- _SOURCE MATERIAL_

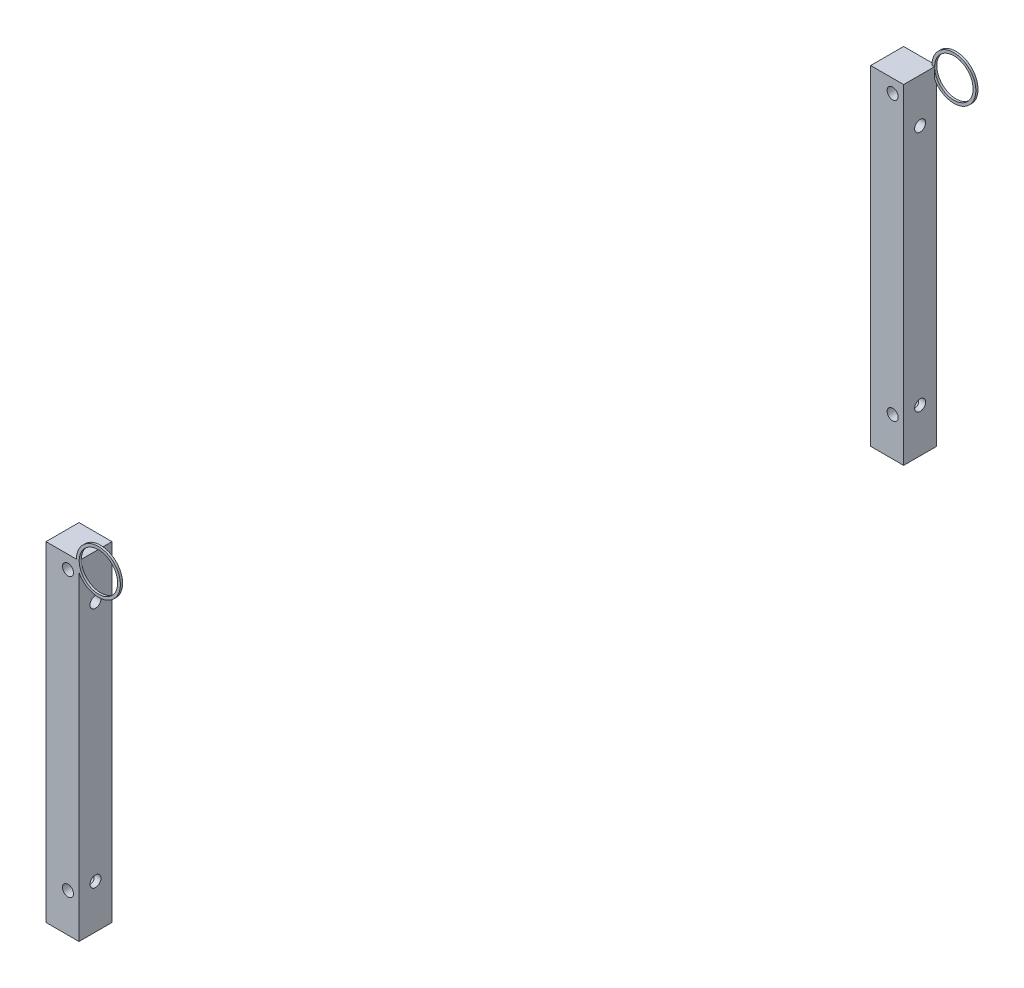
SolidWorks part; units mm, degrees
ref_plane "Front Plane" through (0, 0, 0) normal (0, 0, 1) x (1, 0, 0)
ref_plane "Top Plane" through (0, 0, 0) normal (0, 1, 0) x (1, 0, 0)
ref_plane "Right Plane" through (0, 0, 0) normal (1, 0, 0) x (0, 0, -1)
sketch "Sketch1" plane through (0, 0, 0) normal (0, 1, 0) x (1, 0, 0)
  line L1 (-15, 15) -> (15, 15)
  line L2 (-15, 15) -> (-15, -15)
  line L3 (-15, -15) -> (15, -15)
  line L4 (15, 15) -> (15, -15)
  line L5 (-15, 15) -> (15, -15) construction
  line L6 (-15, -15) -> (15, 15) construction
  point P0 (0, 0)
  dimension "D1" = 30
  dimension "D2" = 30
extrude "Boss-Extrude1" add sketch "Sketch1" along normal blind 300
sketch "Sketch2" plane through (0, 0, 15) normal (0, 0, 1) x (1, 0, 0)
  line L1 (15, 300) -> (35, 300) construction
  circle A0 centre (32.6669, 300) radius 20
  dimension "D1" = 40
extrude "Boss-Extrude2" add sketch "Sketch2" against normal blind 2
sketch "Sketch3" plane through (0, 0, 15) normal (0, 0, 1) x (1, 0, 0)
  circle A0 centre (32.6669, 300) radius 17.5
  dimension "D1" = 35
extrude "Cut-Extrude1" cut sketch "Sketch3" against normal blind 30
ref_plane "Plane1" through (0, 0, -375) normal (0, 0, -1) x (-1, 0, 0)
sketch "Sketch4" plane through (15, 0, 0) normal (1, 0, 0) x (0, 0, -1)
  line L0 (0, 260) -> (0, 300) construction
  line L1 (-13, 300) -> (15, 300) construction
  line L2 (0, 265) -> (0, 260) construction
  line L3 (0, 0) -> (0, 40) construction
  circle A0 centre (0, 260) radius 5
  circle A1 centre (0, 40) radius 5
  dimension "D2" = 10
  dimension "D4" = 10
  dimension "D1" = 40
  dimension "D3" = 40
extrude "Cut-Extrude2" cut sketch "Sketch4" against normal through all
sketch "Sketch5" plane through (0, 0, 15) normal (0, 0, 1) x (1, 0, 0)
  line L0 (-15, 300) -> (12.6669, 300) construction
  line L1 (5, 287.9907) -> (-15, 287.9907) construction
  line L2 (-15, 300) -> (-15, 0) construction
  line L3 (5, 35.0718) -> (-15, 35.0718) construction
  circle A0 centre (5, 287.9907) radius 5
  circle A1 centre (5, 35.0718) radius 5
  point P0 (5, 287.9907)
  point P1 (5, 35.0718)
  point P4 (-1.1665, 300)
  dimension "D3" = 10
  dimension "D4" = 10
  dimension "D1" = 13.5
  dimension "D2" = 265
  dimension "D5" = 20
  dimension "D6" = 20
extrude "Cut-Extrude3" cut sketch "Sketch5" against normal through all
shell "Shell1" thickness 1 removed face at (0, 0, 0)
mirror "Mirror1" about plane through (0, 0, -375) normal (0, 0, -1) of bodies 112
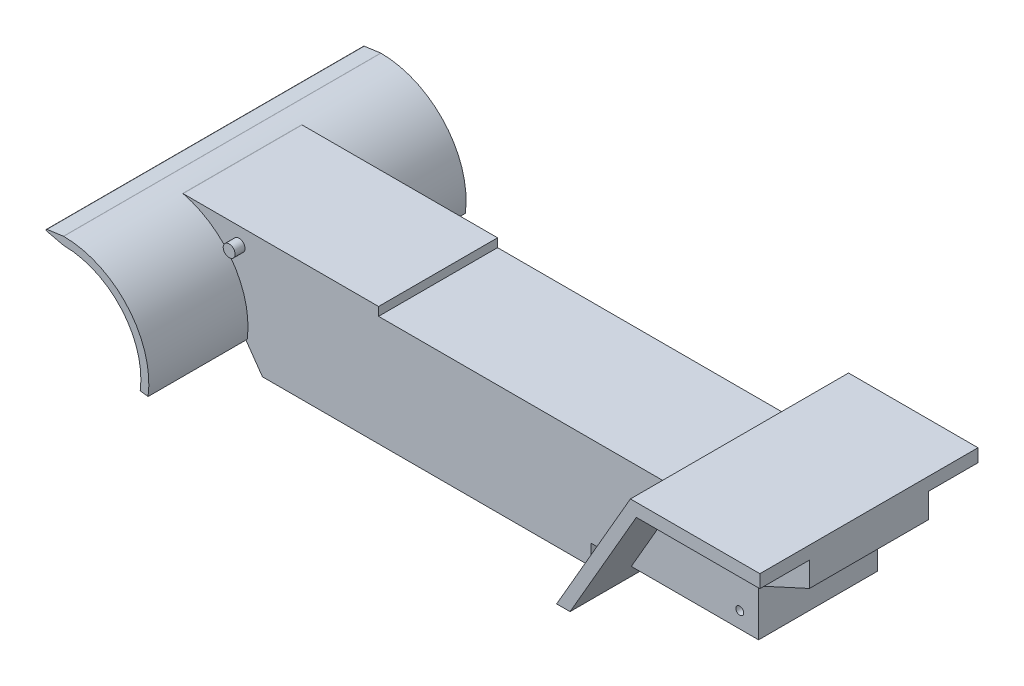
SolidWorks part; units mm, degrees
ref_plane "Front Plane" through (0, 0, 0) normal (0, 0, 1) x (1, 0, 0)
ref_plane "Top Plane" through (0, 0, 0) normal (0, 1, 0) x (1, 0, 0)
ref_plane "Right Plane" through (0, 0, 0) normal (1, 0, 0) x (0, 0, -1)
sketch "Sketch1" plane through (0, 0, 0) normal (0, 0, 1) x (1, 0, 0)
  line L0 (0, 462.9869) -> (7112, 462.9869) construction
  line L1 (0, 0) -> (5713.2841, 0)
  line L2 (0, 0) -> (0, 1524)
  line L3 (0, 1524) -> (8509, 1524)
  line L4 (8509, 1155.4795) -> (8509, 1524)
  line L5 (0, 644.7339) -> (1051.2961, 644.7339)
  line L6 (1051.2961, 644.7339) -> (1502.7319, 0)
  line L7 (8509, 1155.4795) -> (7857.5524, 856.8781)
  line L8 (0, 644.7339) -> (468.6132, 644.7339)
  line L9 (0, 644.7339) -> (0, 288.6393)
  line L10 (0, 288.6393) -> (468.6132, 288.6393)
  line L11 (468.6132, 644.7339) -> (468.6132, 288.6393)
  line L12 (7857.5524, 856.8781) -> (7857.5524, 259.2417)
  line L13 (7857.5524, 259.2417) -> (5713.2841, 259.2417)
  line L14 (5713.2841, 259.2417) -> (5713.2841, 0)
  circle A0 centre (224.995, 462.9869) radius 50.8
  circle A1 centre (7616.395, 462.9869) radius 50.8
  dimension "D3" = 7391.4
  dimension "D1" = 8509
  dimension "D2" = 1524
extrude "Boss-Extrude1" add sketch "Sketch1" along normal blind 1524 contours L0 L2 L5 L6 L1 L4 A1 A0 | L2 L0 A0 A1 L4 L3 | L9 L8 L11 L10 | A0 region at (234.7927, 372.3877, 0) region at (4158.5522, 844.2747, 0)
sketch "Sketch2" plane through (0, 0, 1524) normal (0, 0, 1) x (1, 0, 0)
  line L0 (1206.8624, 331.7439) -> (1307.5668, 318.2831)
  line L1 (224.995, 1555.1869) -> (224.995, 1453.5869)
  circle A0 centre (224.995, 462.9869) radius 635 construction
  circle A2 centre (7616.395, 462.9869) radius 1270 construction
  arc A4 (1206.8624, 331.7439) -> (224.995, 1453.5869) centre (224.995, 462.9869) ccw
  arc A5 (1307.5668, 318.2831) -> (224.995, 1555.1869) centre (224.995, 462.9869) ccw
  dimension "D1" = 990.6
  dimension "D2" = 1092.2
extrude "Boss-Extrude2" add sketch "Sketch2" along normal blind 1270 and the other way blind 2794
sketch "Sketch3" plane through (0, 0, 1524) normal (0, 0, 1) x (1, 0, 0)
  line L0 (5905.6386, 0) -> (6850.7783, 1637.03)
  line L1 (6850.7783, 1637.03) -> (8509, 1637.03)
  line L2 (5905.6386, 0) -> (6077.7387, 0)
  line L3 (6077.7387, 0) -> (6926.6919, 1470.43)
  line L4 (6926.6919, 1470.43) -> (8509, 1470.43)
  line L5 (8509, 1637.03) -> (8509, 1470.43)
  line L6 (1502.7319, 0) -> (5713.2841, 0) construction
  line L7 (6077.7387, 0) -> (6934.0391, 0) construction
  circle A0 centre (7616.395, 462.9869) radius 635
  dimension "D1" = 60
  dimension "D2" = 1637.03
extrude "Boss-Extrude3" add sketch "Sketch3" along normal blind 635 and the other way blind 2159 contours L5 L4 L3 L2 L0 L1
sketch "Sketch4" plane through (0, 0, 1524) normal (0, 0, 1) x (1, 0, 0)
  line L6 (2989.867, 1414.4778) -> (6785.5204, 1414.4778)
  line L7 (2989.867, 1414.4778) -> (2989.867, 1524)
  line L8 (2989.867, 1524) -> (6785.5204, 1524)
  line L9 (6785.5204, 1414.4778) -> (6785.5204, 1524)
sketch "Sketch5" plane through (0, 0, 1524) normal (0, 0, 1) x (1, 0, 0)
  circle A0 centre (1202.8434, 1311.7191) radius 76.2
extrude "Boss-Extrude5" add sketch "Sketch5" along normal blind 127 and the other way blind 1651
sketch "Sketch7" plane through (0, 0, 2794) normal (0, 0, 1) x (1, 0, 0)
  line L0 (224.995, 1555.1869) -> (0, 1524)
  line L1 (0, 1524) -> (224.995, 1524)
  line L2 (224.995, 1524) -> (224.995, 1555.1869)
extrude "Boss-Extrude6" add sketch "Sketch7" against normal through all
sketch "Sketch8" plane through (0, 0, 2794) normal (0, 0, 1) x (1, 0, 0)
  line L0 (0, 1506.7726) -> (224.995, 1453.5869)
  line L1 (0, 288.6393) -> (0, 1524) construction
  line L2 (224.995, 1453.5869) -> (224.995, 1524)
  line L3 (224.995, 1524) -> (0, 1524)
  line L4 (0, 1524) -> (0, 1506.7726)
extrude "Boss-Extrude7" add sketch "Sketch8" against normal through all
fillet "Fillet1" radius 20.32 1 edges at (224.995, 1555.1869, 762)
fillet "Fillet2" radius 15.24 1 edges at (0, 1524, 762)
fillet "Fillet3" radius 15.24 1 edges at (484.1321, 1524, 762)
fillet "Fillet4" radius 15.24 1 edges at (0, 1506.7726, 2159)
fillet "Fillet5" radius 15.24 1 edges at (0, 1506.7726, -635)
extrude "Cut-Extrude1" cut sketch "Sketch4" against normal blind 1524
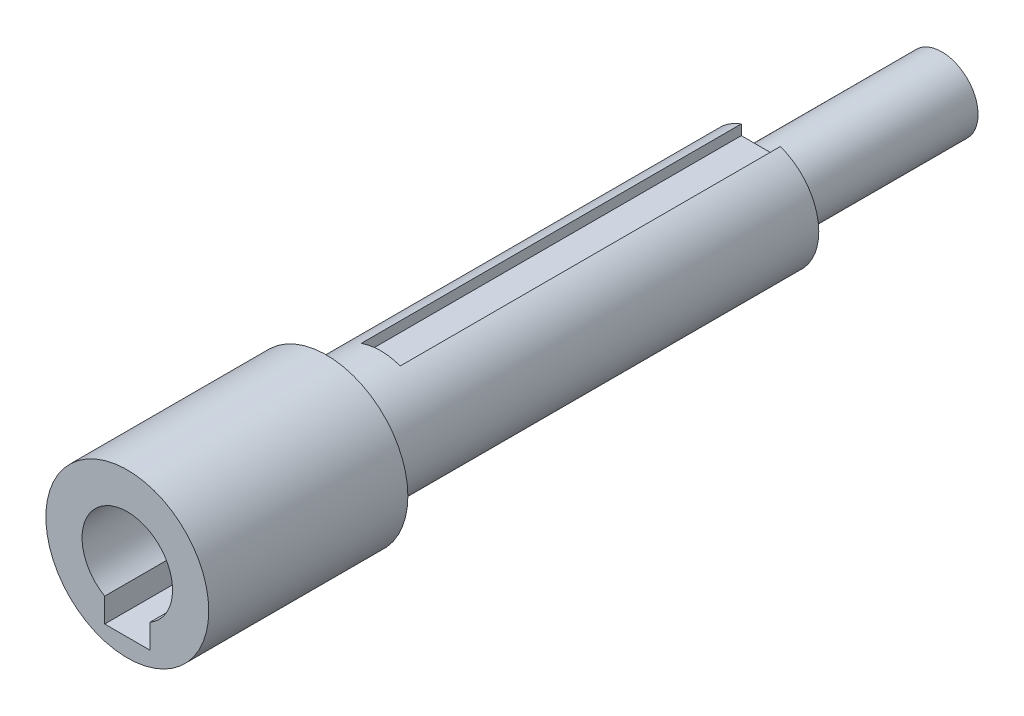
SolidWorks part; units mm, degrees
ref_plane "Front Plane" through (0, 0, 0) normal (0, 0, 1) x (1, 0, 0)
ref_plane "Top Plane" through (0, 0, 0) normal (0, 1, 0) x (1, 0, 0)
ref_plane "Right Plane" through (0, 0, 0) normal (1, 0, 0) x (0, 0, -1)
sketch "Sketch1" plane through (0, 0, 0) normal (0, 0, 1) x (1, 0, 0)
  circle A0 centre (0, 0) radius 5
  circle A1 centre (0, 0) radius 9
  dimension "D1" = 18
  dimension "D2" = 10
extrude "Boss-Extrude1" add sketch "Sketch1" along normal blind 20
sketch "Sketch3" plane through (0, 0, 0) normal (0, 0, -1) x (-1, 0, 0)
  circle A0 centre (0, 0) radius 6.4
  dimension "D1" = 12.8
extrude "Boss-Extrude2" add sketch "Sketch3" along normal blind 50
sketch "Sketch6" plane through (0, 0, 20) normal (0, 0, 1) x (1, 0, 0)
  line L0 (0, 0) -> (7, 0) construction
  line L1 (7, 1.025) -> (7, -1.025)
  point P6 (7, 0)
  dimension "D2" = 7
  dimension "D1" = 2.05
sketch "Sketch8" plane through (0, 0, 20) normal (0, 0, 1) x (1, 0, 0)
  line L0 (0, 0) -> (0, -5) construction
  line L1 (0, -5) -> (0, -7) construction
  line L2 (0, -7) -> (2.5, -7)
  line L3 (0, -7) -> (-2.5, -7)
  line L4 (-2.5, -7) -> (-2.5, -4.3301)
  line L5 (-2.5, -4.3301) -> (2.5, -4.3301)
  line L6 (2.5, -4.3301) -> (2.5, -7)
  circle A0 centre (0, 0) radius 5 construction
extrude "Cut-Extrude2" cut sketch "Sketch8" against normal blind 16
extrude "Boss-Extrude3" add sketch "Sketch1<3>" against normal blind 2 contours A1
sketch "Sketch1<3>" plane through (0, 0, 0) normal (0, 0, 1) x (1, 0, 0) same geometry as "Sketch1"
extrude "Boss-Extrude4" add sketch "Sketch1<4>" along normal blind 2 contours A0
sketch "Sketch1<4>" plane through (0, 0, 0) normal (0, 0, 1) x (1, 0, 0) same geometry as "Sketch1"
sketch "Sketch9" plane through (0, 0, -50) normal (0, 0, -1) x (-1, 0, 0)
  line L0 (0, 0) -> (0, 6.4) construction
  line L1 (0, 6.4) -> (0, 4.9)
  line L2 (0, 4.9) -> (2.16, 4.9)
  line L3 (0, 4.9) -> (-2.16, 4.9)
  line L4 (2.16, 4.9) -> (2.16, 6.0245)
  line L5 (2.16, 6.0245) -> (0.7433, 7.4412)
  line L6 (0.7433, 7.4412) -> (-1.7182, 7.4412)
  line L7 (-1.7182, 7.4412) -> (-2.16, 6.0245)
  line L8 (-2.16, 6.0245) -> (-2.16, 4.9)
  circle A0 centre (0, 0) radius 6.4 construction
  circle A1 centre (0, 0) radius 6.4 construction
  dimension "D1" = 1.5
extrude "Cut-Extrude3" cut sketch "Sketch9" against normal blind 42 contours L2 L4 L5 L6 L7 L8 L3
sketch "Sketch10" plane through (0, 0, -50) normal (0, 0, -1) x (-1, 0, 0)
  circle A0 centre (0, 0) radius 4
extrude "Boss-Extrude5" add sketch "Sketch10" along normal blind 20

- _WHAT YOU NEED TO DO_
Each line above where the word "edges" occurs should be returned in full.

- _SOLVED PROBLEM_
fillet "Fillet1" radius 20.32 1 edges at (224.995, 1555.1869, 762)
fillet "Fillet2" radius 15.24 1 edges at (0, 1524, 762)
fillet "Fillet3" radius 15.24 1 edges at (484.1321, 1524, 762)
fillet "Fillet4" radius 15.24 1 edges at (0, 1506.7726, 2159)
fillet "Fillet5" radius 15.24 1 edges at (0, 1506.7726, -635)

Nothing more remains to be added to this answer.